Hay una horda de chiflados de las palabras en flor. Las cortan antes de que se abra el capullo del concepto y arrojan sus pétalos para que pise cualquier tirano de guardarropía, que nadie sabe por qué, como todos los tiranos, adora los pechos cubiertos de medallas y cintas, herretes y cordones, galones y ribetes. Un día morirá, como todos y otros tiranos se alzarán con el poder como una bola de arcilla blanda en las manos, que a nadie gusta como a la mayoría de los humanos obedecer, y si no al tirano, al partido, y si no al partido al sumo sacerdote de cualquier secta inconcebible, adoradora del becerro de latón, por si el caco, que nunca duerme, lo robara cualquier noche oscura, que sea más fácil y sobre todo más barato, funcional, renovarlo y que el culto no se interrumpa, ni el humo de la hoguera, ni el rastro del amor, que va y viene según de dónde provenga el eco de los disparos de la última contienda.
Ya no madura nada, ni las palabras dejan, que para todo hay prisa y es tan fácil morir en la carretera o de cualquiera de las múltiples enfermedades que llegas a urgencias de cualquier hospital del mundo y lo primero analizadle y a ver quién se libra de tener vestigios del último virus, sus huella en lo más profundo de la entraña en que se refugian las células madre para morir, como los elefantes, que, según la leyenda, lo que les gustaría es ser enterrados con cada sol que se ahoga cada tarde en la hora mala de las nostalgias y las confidencias, cuando entre las nubes, la luz y el viento pintan los colores imposibles del ocaso.
En los mercados de países de analfabetos abundantes, hay vendedores de palabras, con su mesa, su plumilla, el tintero y resmas de papel para escribir cartas de odio, de amor o de reclamación de deudas que no se pagarán ya nunca.

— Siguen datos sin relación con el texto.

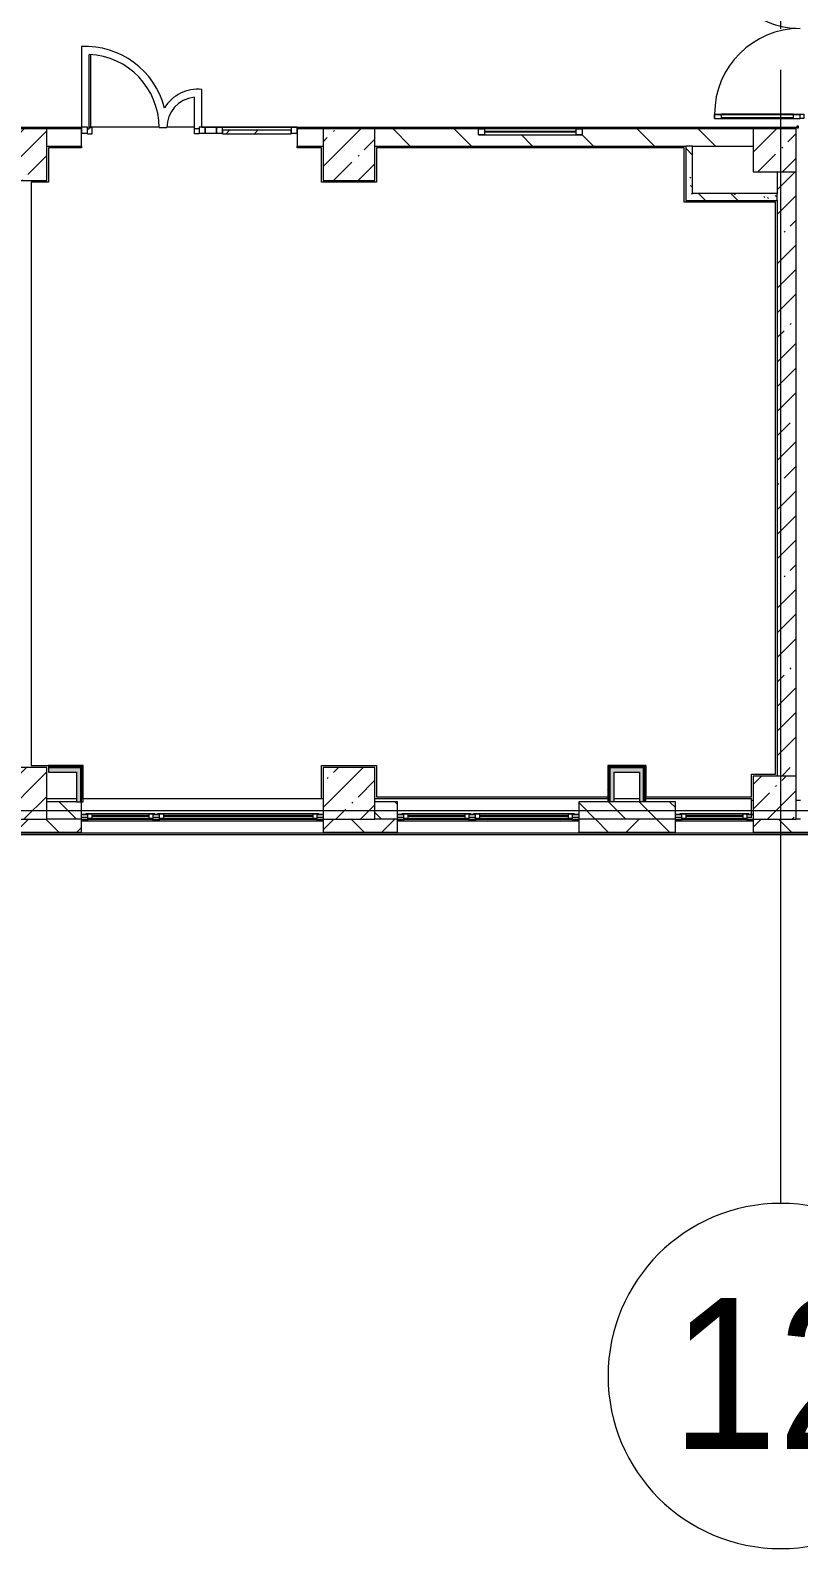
# Model space of a CAD drawing. Header units: millimetres. Extents: x 81671 to 282875, y -8553 to 29000.
# Drawn here: x 177378 to 186277, y -8553 to 9040 of the extents above; entities that cross this region are included whole.
import ezdxf

# ---------------------------------------------------------------- set-up
doc = ezdxf.new("R2010")
doc.units = ezdxf.units.MM
doc.linetypes.add('Осевая', pattern=[3175, 635, -476.25, 1587.5, -476.25])
for name, color, linetype, lineweight, true_color in [('A-DETL-GENF-4', 7, 'Continuous', 5, 0xaaaaaa), ('A-DOOR-6', 7, 'Continuous', 5, 0xaaaaaa), ('A-FLOR-3', 7, 'Continuous', 5, 0xaaaaaa), ('I-WALL-3', 7, 'Continuous', 5, 0xe7e7e7), ('I-WALL-4', 7, 'Continuous', 9, 0xe7e7e7), ('I-WALL-7', 7, 'Continuous', 5, 0x787878)]:
    doc.layers.add(name, color=color, linetype=linetype, lineweight=lineweight, true_color=true_color)
for name, color, linetype, lineweight in [('A-GLAZ-3', 7, 'Continuous', 5), ('A-GLAZ-CURT-2', 7, 'Continuous', 5), ('A-GLAZ-CWMG-2', 7, 'Continuous', 5), ('A-WALL', 7, 'Continuous', 9), ('A-WALL-4', 7, 'Continuous', 5), ('I-WALL-5', 7, 'Continuous', 5), ('S-COLS-2', 7, 'Continuous', 5), ('Оси', 7, 'Continuous', 9), ('Оси-1', 7, 'Continuous', 20), ('Оси-2', 7, 'Осевая', 9)]:
    doc.layers.add(name, color=color, linetype=linetype, lineweight=lineweight)
doc.styles.add('Arial_1', font='arial.ttf', dxfattribs={"width": 0.9, "height": 1750})
pattern_1 = [(135, (147759.1, 0), (-176.7767, -176.7767), [])]
pattern_2 = [(135, (147759.1, 0), (-377.171, -377.171), [533.4, -88.9, 17.78, -88.9]), (135, (147759.1, 376.94), (-377.171, -377.171), []), (50, (147759.1, 0), (637.6445, -55.7866), [66.675, -733.425]), (355, (147759.1, 0), (-123.349, 668.699), [53.34, -586.74]), (100.451, (147812.23, -4.65), (514.299, 612.908), [56.665, -623.315]), (46.184, (147759.1, 177.8), (948.776, -147.15), [100.012, -1100.137]), (96.636, (147838.2, 165.5), (830.91, 865.997), [84.998, -934.973]), (351.184, (147759.1, 177.8), (830.918, 865.988), [80.01, -880.11]), (21, (147848, 133.35), (530.6506, -357.928), [66.675, -733.425]), (326, (147848, 133.35), (216.308, 644.658), [53.34, -586.74]), (71.451, (147892.2, 103.5), (746.96, 286.724), [56.665, -623.315]), (37.5, (147759.1, 0), (10.8105, 295.9426), [16.764, -562.864, 16.764, -578.866, -588.962]), (37.5, (147759.1, 0), (10.8105, 295.9426), [-1175.258, 16.764, -572.198]), (7.5, (147759.1, 0), (233.8692, 350.6318), [16.764, -322.834, 16.764, -549.529, -224.472]), (7.5, (147759.1, 0), (233.8692, 350.6318), [-905.891, 16.764, -207.708]), (327.5, (147560.85, 0), (474.5678, -20.0513), [16.764, -205.486, 16.764, -676.656, -920.115]), (327.5, (147560.85, 0), (474.5678, -20.0513), [-915.67, 16.764, -903.351]), (317.5, (147471.95, 0), (518.452, 88.9934), [16.764, -272.161, 16.764, -443.738, -653.415]), (317.5, (147471.95, 0), (518.452, 88.9934), [-749.427, 16.764, -636.651])]
pattern_3 = [(135, (147759.1, 0), (-353.5534, -353.5534), [])]
pattern_4 = [(45, (147759.1, 0), (-530.33, 530.33), []), (135, (147759.1, 0), (-530.33, -530.33), [])]

# ---------------------------------------------------------------- blocks, each defined once
blk = doc.blocks.new('BSC_Колонна _Прямоугольная - 600х600-23286269-1_4_3_птичка')
at = {"layer": 'S-COLS-2'}
h = blk.add_hatch(dxfattribs=at)
h.set_pattern_fill('FP_99', color=256, style=0, pattern_type=2)
h.set_pattern_definition([(45, (-29509.74, -7600), (-285.123, 285.123), []), (45, (-29224.6, -7600), (-285.123, 285.123), [504.031, -100.806, 16.764, -84.042])])
h.paths.add_polyline_path([(119, -300), (300, -300), (300, 300), (-300, 300), (-300, -300), (100, -300)])
for p, q in [((300, 300), (-300, 300)), ((-300, 300), (-300, -300)), ((300, -300), (300, 300)), ((-300, -300), (300, -300))]:
    blk.add_line(p, q, dxfattribs=at)
blk = doc.blocks.new('BSC_Колонна _Прямоугольная - 600х600-V52-1_4_3_птичка')
at = {"layer": 'S-COLS-2'}
h = blk.add_hatch(dxfattribs=at)
h.set_pattern_fill('FP_106', color=256, style=0, pattern_type=2)
h.set_pattern_definition([(45, (-29509.74, -200), (-285.123, 285.123), []), (45, (-29224.6, -200), (-285.123, 285.123), [504.031, -100.806, 16.764, -84.042])])
h.paths.add_polyline_path([(300, -300), (300, 300), (-300, 300), (-300, -300), (-34, -300)])
for p, q in [((300, 300), (-300, 300)), ((-300, 300), (-300, -300)), ((300, -300), (300, 300)), ((-300, -300), (300, -300))]:
    blk.add_line(p, q, dxfattribs=at)
blk = doc.blocks.new('BSC_Колонна _Прямоугольная - 600х600-V80-1_4_3_птичка')
at = {"layer": 'S-COLS-2'}
h = blk.add_hatch(dxfattribs=at)
h.set_pattern_fill('FP_140', color=256, style=0, pattern_type=2)
h.set_pattern_definition([(45, (-33310, -7600), (-285.123, 285.123), []), (45, (-33024.88, -7600), (-285.123, 285.123), [504.031, -100.806, 16.764, -84.042])])
h.paths.add_polyline_path([(-300, -300), (300, -300), (300, 300), (-300, 300), (-300, 80)])
for p, q in [((300, 300), (-300, 300)), ((-300, 300), (-300, -300)), ((300, -300), (300, 300)), ((-300, -300), (300, -300))]:
    blk.add_line(p, q, dxfattribs=at)
blk = doc.blocks.new('BSC_Колонна _Прямоугольная - 600х600-V81-1_4_3_птичка')
at = {"layer": 'S-COLS-2'}
h = blk.add_hatch(dxfattribs=at)
h.set_pattern_fill('FP_141', color=256, style=0, pattern_type=2)
h.set_pattern_definition([(45, (-33310, -200), (-285.123, 285.123), []), (45, (-33024.88, -200), (-285.123, 285.123), [504.031, -100.806, 16.764, -84.042])])
h.paths.add_polyline_path([(300, -300), (300, 300), (-300, 300), (-300, -300)])
for p, q in [((300, 300), (-300, 300)), ((-300, 300), (-300, -300)), ((300, -300), (300, 300)), ((-300, -300), (300, -300))]:
    blk.add_line(p, q, dxfattribs=at)
blk = doc.blocks.new('120_Окно_СКБ_2Ст - 120_Окно_СКБ_2Ст 2100х2500 _мал створка справа_-22445857-1_4_3_птичка')
at = {"layer": 'A-GLAZ-3'}
for p, q in [((-1050, -127), (-1050, -57)), ((-1050, -57), (-980, -57)), ((1050, -57), (-1050, -57)), ((-980, -127), (-1050, -127)), ((-1050, -127), (-1000, -127)), ((-980, -127), (-1000, -127)), ((-1000, -127), (-1000, -137)), ((-1000, -137), (170, -137)), ((170, -137), (-1000, -137)), ((-980, -57), (-980, -127)), ((150, -87), (-980, -87)), ((-980, -87), (-980, -127)), ((-930, -137), (-930, -87)), ((-930, -107), (100, -107)), ((100, -117), (-930, -117)), ((100, -137), (100, -87)), ((150, -127), (150, -57)), ((150, -57), (220, -57)), ((150, -127), (150, -87)), ((220, -127), (150, -127)), ((170, -127), (150, -127)), ((170, -127), (200, -127)), ((170, -137), (170, -127)), ((220, -127), (200, -127)), ((200, -127), (200, -137)), ((200, -137), (1000, -137)), ((1000, -137), (200, -137)), ((220, -57), (220, -127)), ((980, -87), (220, -87)), ((220, -87), (220, -127)), ((270, -137), (270, -87)), ((270, -107), (930, -107)), ((930, -117), (270, -117)), ((930, -137), (930, -87)), ((980, -127), (980, -57)), ((980, -57), (1050, -57)), ((980, -127), (980, -87)), ((1050, -127), (980, -127)), ((1000, -127), (980, -127)), ((1000, -127), (1050, -127)), ((1000, -137), (1000, -127)), ((1050, -57), (1050, -127))]:
    blk.add_line(p, q, dxfattribs=at)
blk = doc.blocks.new('Дверь_Витражная_остекление_ - ДВН_ДАО_Главный вход_1800 в свету 5-32258809-1_4_3_птичка')
at = {"layer": 'A-DETL-GENF-4'}
for p, q in [((-993, -1013), (-993, -21)), ((-993, -21), (-993, -1013)), ((-993, -100), (-948, -100)), ((-983, -933), (-983, -100)), ((-948, -1013), (-948, -21)), ((-948, -1013), (-948, -21)), ((-939, -933), (-939, -100)), ((989, -933), (989, -100)), ((998, -1013), (998, -20)), ((998, -20), (998, -1013)), ((1043, -100), (998, -100)), ((1033, -933), (1033, -100)), ((1043, -1013), (1043, -20)), ((1043, -1013), (1043, -20)), ((-993, -933), (-948, -933)), ((-993, -1013), (-948, -1013)), ((-993, -1013), (-948, -1013)), ((1043, -933), (998, -933)), ((1043, -1013), (998, -1013)), ((998, -1013), (1043, -1013))]:
    blk.add_line(p, q, dxfattribs=at)
at = {"layer": 'A-DOOR-6'}
for p, q in [((-1043, 20), (-993, 20)), ((-1043, -20), (-1043, 20)), ((-993, 20), (-993, -20)), ((993, 20), (1043, 20)), ((993, -20), (993, 20)), ((1043, 20), (1043, -20)), ((-993, -20), (-1043, -20)), ((-993, -1013), (-993, -21)), ((1043, -20), (993, -20)), ((993, -1013), (993, -21))]:
    blk.add_line(p, q, dxfattribs=at)
for centre, start, end in [((-993, -20), 270, 0), ((993, -20), 180, 270)]:
    blk.add_arc(centre, 993, start, end, dxfattribs=at)
blk = doc.blocks.new('BSC_Колонна _Прямоугольная - 500х500-V131-1_4_3_птичка')
at = {"layer": 'S-COLS-2'}
h = blk.add_hatch(dxfattribs=at)
h.set_pattern_fill('FP_169', color=256, style=0, pattern_type=2)
h.set_pattern_definition([(45, (-38240, -150), (-285.123, 285.123), []), (45, (-37954.88, -150), (-285.123, 285.123), [504.031, -100.806, 16.764, -84.042])])
h.paths.add_polyline_path([(250, -250), (250, 250), (-250, 250), (-250, -250), (160, -250)])
for p, q in [((250, 250), (-250, 250)), ((-250, 250), (-250, -250)), ((250, -250), (250, 250)), ((-250, -250), (250, -250))]:
    blk.add_line(p, q, dxfattribs=at)
blk = doc.blocks.new('BSC_Колонна _Прямоугольная - 500х500-V132-1_4_3_птичка')
at = {"layer": 'S-COLS-2'}
h = blk.add_hatch(dxfattribs=at)
h.set_pattern_fill('FP_170', color=256, style=0, pattern_type=2)
h.set_pattern_definition([(45, (-38240, -7650), (-285.123, 285.123), []), (45, (-37954.88, -7650), (-285.123, 285.123), [504.031, -100.806, 16.764, -84.042])])
h.paths.add_polyline_path([(30, -250), (250, -250), (250, 250), (-250, 250), (-250, -250)])
for p, q in [((250, 250), (-250, 250)), ((-250, 250), (-250, -250)), ((250, -250), (250, 250)), ((-250, -250), (250, -250))]:
    blk.add_line(p, q, dxfattribs=at)
blk = doc.blocks.new('120_Окно_СКБ_2Ст - 120_Окно_СКБ_2Ст 2800х2500_створка_-22445922-1_4_3_птичка')
at = {"layer": 'A-GLAZ-3'}
for p, q in [((-1400, -127), (-1400, -57)), ((-1400, -57), (-1330, -57)), ((1400, -57), (-1400, -57)), ((-1330, -127), (-1400, -127)), ((-1400, -127), (-1350, -127)), ((-1330, -127), (-1350, -127)), ((-1350, -127), (-1350, -137)), ((-1350, -137), (520, -137)), ((520, -137), (-1350, -137)), ((-1330, -57), (-1330, -127)), ((500, -87), (-1330, -87)), ((-1330, -87), (-1330, -127)), ((-1280, -137), (-1280, -87)), ((-1280, -107), (450, -107)), ((450, -117), (-1280, -117)), ((450, -137), (450, -87)), ((500, -127), (500, -57)), ((500, -57), (570, -57)), ((500, -127), (500, -87)), ((570, -127), (500, -127)), ((520, -127), (500, -127)), ((520, -127), (550, -127)), ((520, -137), (520, -127)), ((570, -127), (550, -127)), ((550, -127), (550, -137)), ((550, -137), (1350, -137)), ((1350, -137), (550, -137)), ((570, -57), (570, -127)), ((1330, -87), (570, -87)), ((570, -87), (570, -127)), ((620, -137), (620, -87)), ((620, -107), (1280, -107)), ((1280, -117), (620, -117)), ((1280, -137), (1280, -87)), ((1330, -127), (1330, -57)), ((1330, -57), (1400, -57)), ((1330, -127), (1330, -87)), ((1400, -127), (1330, -127)), ((1350, -127), (1330, -127)), ((1350, -127), (1400, -127)), ((1350, -137), (1350, -127)), ((1400, -57), (1400, -127))]:
    blk.add_line(p, q, dxfattribs=at)
blk = doc.blocks.new('120_Окно_СКБ_1Ст - 120_Окно_СКБ_1Ст 900х2500_h_-V161-1_4_3_птичка')
at = {"layer": 'A-GLAZ-3'}
for p, q in [((-450, -127), (-450, -57)), ((-450, -57), (-380, -57)), ((450, -57), (-450, -57)), ((-380, -127), (-450, -127)), ((-450, -127), (-400, -127)), ((-380, -127), (-400, -127)), ((-400, -127), (-400, -137)), ((-400, -137), (400, -137)), ((400, -137), (-400, -137)), ((-380, -57), (-380, -127)), ((380, -87), (-380, -87)), ((-380, -87), (-380, -127)), ((-330, -137), (-330, -87)), ((-330, -107), (330, -107)), ((330, -117), (-330, -117)), ((330, -137), (330, -87)), ((380, -127), (380, -57)), ((380, -57), (450, -57)), ((380, -127), (380, -87)), ((450, -127), (380, -127)), ((400, -127), (380, -127)), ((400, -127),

Vendo palabras que son como filtros de amor, las pones, dicen a la niña que pasa, dentro de un sobre, las envías a tu amado y te raptará del aduar de tu padre y te llevará a su serrallo, que huele a canela, sudor y miel, por entre los ronquidos del eunuco de guardia, que se ha quedado dormido.
Voy y rebusco en el rimero del desván una película de Fú Manchú porque quiero ser niño esta tarde y regresar de la mano de Sax Rohmer a la vertiginosa persecución que decretan Sir Denis Neylan Smith para que Fu Manchú, disfrazado de Godot, no se apodere del mundo acatarrado de Mafalda.